> **DATA PROVIDED**
========

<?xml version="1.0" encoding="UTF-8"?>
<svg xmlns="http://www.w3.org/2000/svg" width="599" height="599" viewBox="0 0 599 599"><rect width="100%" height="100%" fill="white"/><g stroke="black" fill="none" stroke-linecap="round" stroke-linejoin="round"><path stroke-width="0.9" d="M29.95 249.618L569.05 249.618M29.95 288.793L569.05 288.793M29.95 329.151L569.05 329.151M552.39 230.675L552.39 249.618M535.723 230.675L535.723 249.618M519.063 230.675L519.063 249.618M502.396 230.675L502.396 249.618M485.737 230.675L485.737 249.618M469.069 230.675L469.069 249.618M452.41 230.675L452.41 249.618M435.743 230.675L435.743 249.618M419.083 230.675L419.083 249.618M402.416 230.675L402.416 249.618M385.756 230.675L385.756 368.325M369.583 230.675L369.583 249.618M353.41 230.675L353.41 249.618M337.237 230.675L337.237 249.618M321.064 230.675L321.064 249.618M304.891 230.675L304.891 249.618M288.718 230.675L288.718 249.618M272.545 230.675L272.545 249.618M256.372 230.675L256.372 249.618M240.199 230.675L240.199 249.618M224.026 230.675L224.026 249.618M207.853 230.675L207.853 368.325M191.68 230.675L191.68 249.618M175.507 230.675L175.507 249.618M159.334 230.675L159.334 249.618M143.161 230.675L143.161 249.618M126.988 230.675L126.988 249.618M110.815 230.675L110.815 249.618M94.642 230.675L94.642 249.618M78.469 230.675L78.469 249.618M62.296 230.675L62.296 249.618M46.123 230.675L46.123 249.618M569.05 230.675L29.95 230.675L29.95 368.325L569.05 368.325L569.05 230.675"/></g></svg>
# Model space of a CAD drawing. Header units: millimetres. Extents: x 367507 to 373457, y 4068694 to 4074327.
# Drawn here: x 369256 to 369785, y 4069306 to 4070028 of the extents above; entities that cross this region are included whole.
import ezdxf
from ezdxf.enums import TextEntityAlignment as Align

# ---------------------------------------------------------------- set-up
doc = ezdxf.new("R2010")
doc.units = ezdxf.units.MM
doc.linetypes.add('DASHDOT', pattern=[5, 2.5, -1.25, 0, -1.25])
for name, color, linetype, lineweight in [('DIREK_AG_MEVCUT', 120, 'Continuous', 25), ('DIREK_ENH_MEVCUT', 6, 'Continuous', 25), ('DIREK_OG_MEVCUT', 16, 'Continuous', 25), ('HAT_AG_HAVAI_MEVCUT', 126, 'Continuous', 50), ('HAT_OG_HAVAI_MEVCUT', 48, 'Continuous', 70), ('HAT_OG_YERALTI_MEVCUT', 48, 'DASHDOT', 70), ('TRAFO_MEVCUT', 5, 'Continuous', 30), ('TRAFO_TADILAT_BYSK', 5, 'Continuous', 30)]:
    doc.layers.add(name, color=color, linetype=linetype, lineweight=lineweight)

========

> **TASK REQUIREMENTS**
Reproduce the whole of the material exactly as shown.

> **WORKED SOLUTION**
<?xml version="1.0" encoding="UTF-8"?>
<svg xmlns="http://www.w3.org/2000/svg" width="599" height="599" viewBox="0 0 599 599"><rect width="100%" height="100%" fill="white"/><g stroke="black" fill="none" stroke-linecap="round" stroke-linejoin="round"><path stroke-width="0.9" d="M29.95 249.618L569.05 249.618M29.95 288.793L569.05 288.793M29.95 329.151L569.05 329.151M552.39 230.675L552.39 249.618M535.723 230.675L535.723 249.618M519.063 230.675L519.063 249.618M502.396 230.675L502.396 249.618M485.737 230.675L485.737 249.618M469.069 230.675L469.069 249.618M452.41 230.675L452.41 249.618M435.743 230.675L435.743 249.618M419.083 230.675L419.083 249.618M402.416 230.675L402.416 249.618M385.756 230.675L385.756 368.325M369.583 230.675L369.583 249.618M353.41 230.675L353.41 249.618M337.237 230.675L337.237 249.618M321.064 230.675L321.064 249.618M304.891 230.675L304.891 249.618M288.718 230.675L288.718 249.618M272.545 230.675L272.545 249.618M256.372 230.675L256.372 249.618M240.199 230.675L240.199 249.618M224.026 230.675L224.026 249.618M207.853 230.675L207.853 368.325M191.68 230.675L191.68 249.618M175.507 230.675L175.507 249.618M159.334 230.675L159.334 249.618M143.161 230.675L143.161 249.618M126.988 230.675L126.988 249.618M110.815 230.675L110.815 249.618M94.642 230.675L94.642 249.618M78.469 230.675L78.469 249.618M62.296 230.675L62.296 249.618M46.123 230.675L46.123 249.618M569.05 230.675L29.95 230.675L29.95 368.325L569.05 368.325L569.05 230.675"/></g></svg>
# Model space of a CAD drawing. Header units: millimetres. Extents: x 367507 to 373457, y 4068694 to 4074327.
# Drawn here: x 369256 to 369785, y 4069306 to 4070028 of the extents above; entities that cross this region are included whole.
import ezdxf
from ezdxf.enums import TextEntityAlignment as Align

# ---------------------------------------------------------------- set-up
doc = ezdxf.new("R2010")
doc.units = ezdxf.units.MM
doc.linetypes.add('DASHDOT', pattern=[5, 2.5, -1.25, 0, -1.25])
for name, color, linetype, lineweight in [('DIREK_AG_MEVCUT', 120, 'Continuous', 25), ('DIREK_ENH_MEVCUT', 6, 'Continuous', 25), ('DIREK_OG_MEVCUT', 16, 'Continuous', 25), ('HAT_AG_HAVAI_MEVCUT', 126, 'Continuous', 50), ('HAT_OG_HAVAI_MEVCUT', 48, 'Continuous', 70), ('HAT_OG_YERALTI_MEVCUT', 48, 'DASHDOT', 70), ('TRAFO_MEVCUT', 5, 'Continuous', 30), ('TRAFO_TADILAT_BYSK', 5, 'Continuous', 30)]:
    doc.layers.add(name, color=color, linetype=linetype, lineweight=lineweight)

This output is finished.